DATA SHOWN section start

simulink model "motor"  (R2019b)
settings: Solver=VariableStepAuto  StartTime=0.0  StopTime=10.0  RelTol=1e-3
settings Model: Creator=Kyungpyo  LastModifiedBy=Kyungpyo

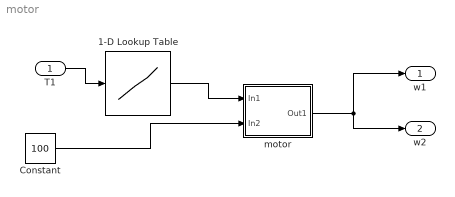
== system motor ==
  T1 : Inport
  1-D Lookup Table : Lookup_n-D  NumberOfTableDimensions=1  BreakpointsForDimension1=[-5:5]  Table=tanh([-5:5])  InternalRulePriority=Speed  RndMeth=Simplest  InputSameDT=on
  Constant : Constant  Value=100
  motor : Subsystem
  w1 : Outport
  w2 : Outport  Port=2
  wires:
  motor/1(Out1) -> w1/1, w2/1
  Constant/1 -> motor/2(In2)
  T1/1 -> 1-D Lookup Table/1
  1-D Lookup Table/1 -> motor/1(In1)

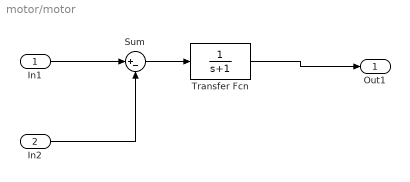
== system motor/motor ==
  In1 : Inport
  In2 : Inport  Port=2
  Sum : Sum  Inputs=|+-
  Transfer Fcn : TransferFcn  Denominator=[1 1]
  Out1 : Outport
  wires:
  Sum/1 -> Transfer Fcn/1
  Transfer Fcn/1 -> Out1/1
  In2/1 -> Sum/2
  In1/1 -> Sum/1
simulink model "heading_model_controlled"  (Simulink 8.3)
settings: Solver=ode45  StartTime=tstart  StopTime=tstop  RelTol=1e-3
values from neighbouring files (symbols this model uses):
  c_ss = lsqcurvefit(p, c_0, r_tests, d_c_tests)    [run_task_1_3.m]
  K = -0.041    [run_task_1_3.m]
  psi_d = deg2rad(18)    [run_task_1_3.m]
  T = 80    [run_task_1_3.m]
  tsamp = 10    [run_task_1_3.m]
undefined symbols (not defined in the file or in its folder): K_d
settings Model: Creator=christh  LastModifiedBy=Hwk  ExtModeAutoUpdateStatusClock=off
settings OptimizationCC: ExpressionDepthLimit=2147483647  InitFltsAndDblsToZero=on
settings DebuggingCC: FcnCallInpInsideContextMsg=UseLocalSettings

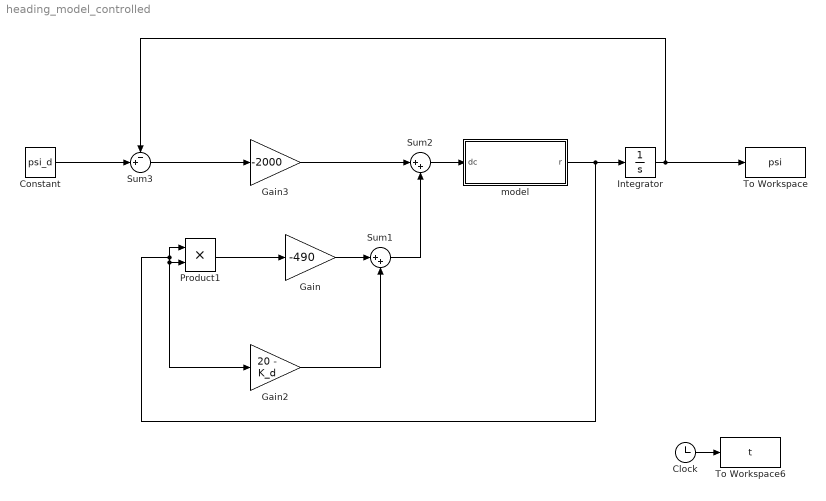
== system heading_model_controlled ==
  Clock : Clock
  Constant : Constant  Value=psi_d
  Gain : Gain  Gain=-490
  Gain2 : Gain  Gain=20 - K_d
  Gain3 : Gain  Gain=-2000
  Integrator : Integrator
  Product1 : Product
  Sum1 : Sum  Inputs=|++
  Sum2 : Sum  Inputs=|++
  Sum3 : Sum  Inputs=-+|
  To Workspace : ToWorkspace  VariableName=psi  SampleTime=tsamp
  To Workspace6 : ToWorkspace  VariableName=t  SampleTime=tsamp
  model : Subsystem
  wires:
  model/1(r) -> Product1/1, Gain2/1, Product1/2, Integrator/1
  Product1/1 -> Gain/1
  Gain2/1 -> Sum1/2
  Integrator/1 -> To Workspace/1, Sum3/1
  Sum1/1 -> Sum2/2
  Sum2/1 -> model/1(dc)
  Constant/1 -> Sum3/2
  Sum3/1 -> Gain3/1
  Gain3/1 -> Sum2/1
  Gain/1 -> Sum1/1
  Clock/1 -> To Workspace6/1

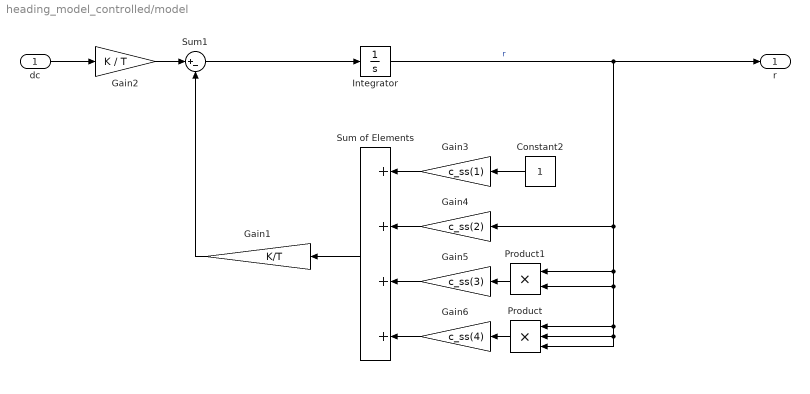
== system heading_model_controlled/model ==
  dc : Inport
  Constant2 : Constant
  Gain1 : Gain  Gain=K/T
  Gain2 : Gain  Gain=K / T
  Gain3 : Gain  Gain=c_ss(1)
  Gain4 : Gain  Gain=c_ss(2)
  Gain5 : Gain  Gain=c_ss(3)
  Gain6 : Gain  Gain=c_ss(4)
  Integrator : Integrator
  Product : Product  Inputs=3
  Product1 : Product
  Sum of Elements : Sum  Inputs=4
  Sum1 : Sum  Inputs=|+-
  r : Outport
  wires:
  Sum1/1 -> Integrator/1
  Gain1/1 -> Sum1/2
  dc/1 -> Gain2/1
  Gain2/1 -> Sum1/1
  Sum of Elements/1 -> Gain1/1
  Gain4/1 -> Sum of Elements/2
  Gain5/1 -> Sum of Elements/3
  Gain6/1 -> Sum of Elements/4
  Gain3/1 -> Sum of Elements/1
  Integrator/1 -> r/1, Gain4/1, Product/3, Product/2, Product/1, Product1/2, Product1/1  "r"
  Constant2/1 -> Gain3/1
  Product1/1 -> Gain5/1
  Product/1 -> Gain6/1
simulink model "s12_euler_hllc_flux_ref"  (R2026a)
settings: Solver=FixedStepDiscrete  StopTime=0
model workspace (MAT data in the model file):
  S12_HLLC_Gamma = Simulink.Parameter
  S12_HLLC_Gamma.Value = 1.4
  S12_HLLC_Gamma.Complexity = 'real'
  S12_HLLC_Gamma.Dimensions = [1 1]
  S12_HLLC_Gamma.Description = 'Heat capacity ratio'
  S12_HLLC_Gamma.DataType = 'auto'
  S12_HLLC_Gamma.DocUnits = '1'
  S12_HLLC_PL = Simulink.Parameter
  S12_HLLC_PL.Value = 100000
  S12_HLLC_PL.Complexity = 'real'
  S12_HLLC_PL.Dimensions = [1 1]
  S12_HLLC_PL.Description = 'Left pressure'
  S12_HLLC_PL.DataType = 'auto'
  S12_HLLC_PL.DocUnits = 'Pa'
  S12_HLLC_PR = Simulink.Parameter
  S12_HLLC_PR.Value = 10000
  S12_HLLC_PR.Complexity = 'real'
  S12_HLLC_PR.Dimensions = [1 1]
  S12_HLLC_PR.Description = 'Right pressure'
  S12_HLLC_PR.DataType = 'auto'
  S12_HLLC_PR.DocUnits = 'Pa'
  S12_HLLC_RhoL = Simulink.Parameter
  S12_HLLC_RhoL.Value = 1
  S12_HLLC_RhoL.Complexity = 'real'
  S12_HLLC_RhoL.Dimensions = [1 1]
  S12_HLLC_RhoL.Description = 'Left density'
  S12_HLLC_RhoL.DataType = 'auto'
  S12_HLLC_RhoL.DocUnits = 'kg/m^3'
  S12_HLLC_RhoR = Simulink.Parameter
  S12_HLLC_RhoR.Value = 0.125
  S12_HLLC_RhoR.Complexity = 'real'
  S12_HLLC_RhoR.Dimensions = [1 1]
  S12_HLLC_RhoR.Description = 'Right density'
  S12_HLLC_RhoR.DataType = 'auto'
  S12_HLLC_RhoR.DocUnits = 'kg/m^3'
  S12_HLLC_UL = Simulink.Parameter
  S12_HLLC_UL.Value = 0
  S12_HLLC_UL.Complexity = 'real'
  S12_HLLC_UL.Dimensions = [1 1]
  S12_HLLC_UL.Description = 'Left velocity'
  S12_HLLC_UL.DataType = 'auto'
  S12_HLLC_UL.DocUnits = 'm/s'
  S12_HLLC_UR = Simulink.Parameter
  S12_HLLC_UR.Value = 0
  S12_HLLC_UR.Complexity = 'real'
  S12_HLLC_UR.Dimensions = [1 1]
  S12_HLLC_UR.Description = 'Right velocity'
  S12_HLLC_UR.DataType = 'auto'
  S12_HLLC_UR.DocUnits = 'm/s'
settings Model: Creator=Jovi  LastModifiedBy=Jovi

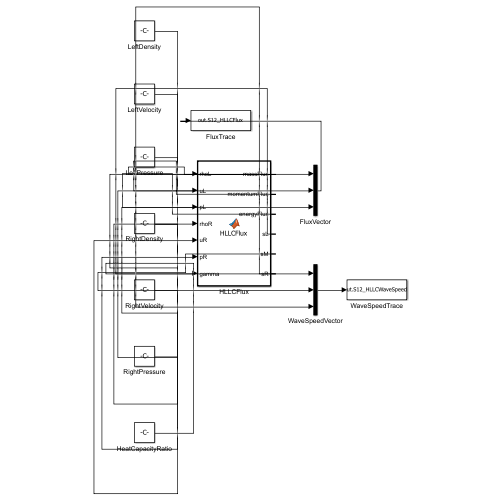
[thumbnail: Simulink's stored preview of the top-level diagram]
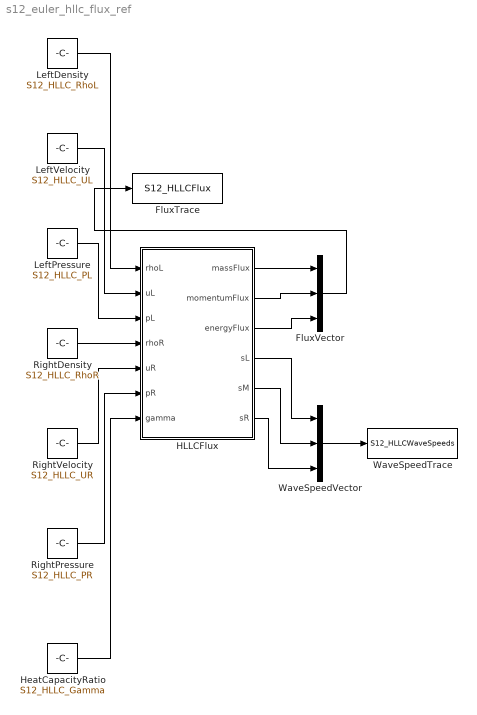
== system s12_euler_hllc_flux_ref ==
  FluxTrace : ToWorkspace  VariableName=S12_HLLCFlux
      settings: MaxDataPoints=100
  FluxVector : Mux  Inputs=3
  HLLCFlux : MATLAB Function  TreatAsAtomicUnit=on
  HeatCapacityRatio : Constant  Value=S12_HLLC_Gamma
  LeftDensity : Constant  Value=S12_HLLC_RhoL
  LeftPressure : Constant  Value=S12_HLLC_PL
  LeftVelocity : Constant  Value=S12_HLLC_UL
  RightDensity : Constant  Value=S12_HLLC_RhoR
  RightPressure : Constant  Value=S12_HLLC_PR
  RightVelocity : Constant  Value=S12_HLLC_UR
  WaveSpeedTrace : ToWorkspace  VariableName=S12_HLLCWaveSpeeds
      settings: MaxDataPoints=100
  WaveSpeedVector : Mux  Inputs=3
  wires:
  WaveSpeedVector/1 -> WaveSpeedTrace/1
  FluxVector/1 -> FluxTrace/1
  LeftDensity/1 -> HLLCFlux/1(rhoL)
  LeftVelocity/1 -> HLLCFlux/2(uL)
  LeftPressure/1 -> HLLCFlux/3(pL)
  RightDensity/1 -> HLLCFlux/4(rhoR)
  RightVelocity/1 -> HLLCFlux/5(uR)
  RightPressure/1 -> HLLCFlux/6(pR)
  HeatCapacityRatio/1 -> HLLCFlux/7(gamma)
  HLLCFlux/1(massFlux) -> FluxVector/1
  HLLCFlux/2(momentumFlux) -> FluxVector/2
  HLLCFlux/3(energyFlux) -> FluxVector/3
  HLLCFlux/4(sL) -> WaveSpeedVector/1
  HLLCFlux/5(sM) -> WaveSpeedVector/2
  HLLCFlux/6(sR) -> WaveSpeedVector/3

== matlab function s12_euler_hllc_flux_ref/HLLCFlux ==
  data: rhoL input; massFlux output; uL input; pL input; rhoR input; uR input; pR input; gamma input; momentumFlux output; energyFlux output; sL output; sM output; sR output
function [massFlux,momentumFlux,energyFlux,sL,sM,sR] = HLLCFlux(rhoL,uL,pL,rhoR,uR,pR,gamma)
%#codegen
energyL = pL/(gamma-1) + 0.5*rhoL*uL*uL;
energyR = pR/(gamma-1) + 0.5*rhoR*uR*uR;
soundL = sqrt(gamma*pL/rhoL);
soundR = sqrt(gamma*pR/rhoR);
sL = min(uL-soundL,uR-soundR);
sR = max(uL+soundL,uR+soundR);
denominator = rhoL*(sL-uL) - rhoR*(sR-uR);
sM = (pR-pL + rhoL*uL*(sL-uL) - rhoR*uR*(sR-uR))/denominator;
fluxL = [rhoL*uL; rhoL*uL*uL+pL; uL*(energyL+pL)];
fluxR = [rhoR*uR; rhoR*uR*uR+pR; uR*(energyR+pR)];
stateL = [rhoL; rhoL*uL; energyL];
stateR = [rhoR; rhoR*uR; energyR];
if sL >= 0
    flux = fluxL;
elseif sM >= 0
    rhoStarL = rhoL*(sL-uL)/(sL-sM);
    energyStarL = rhoStarL*(energyL/rhoL + (sM-uL)*(sM + pL/(rhoL*(sL-uL))));
    stateStarL = [rhoStarL; rhoStarL*sM; energyStarL];
    flux = fluxL + sL*(stateStarL-stateL);
elseif sR > 0
    rhoStarR = rhoR*(sR-uR)/(sR-sM);
    energyStarR = rhoStarR*(energyR/rhoR + (sM-uR)*(sM + pR/(rhoR*(sR-uR))));
    stateStarR = [rhoStarR; rhoStarR*sM; energyStarR];
    flux = fluxR + sR*(stateStarR-stateR);
else
    flux = fluxR;
end
massFlux = flux(1);
momentumFlux = flux(2);
energyFlux = flux(3);
end

DATA SHOWN section end

Retype only the lines above from the one with "S12_HLLC_UR = Simulink.Parameter" through the one with "[thumbnail: Simulink's stored", exactly and with both ends. Images stay out.

  S12_HLLC_UR = Simulink.Parameter
  S12_HLLC_UR.Value = 0
  S12_HLLC_UR.Complexity = 'real'
  S12_HLLC_UR.Dimensions = [1 1]
  S12_HLLC_UR.Description = 'Right velocity'
  S12_HLLC_UR.DataType = 'auto'
  S12_HLLC_UR.DocUnits = 'm/s'
settings Model: Creator=Jovi  LastModifiedBy=Jovi

[thumbnail: Simulink's stored preview of the top-level diagram]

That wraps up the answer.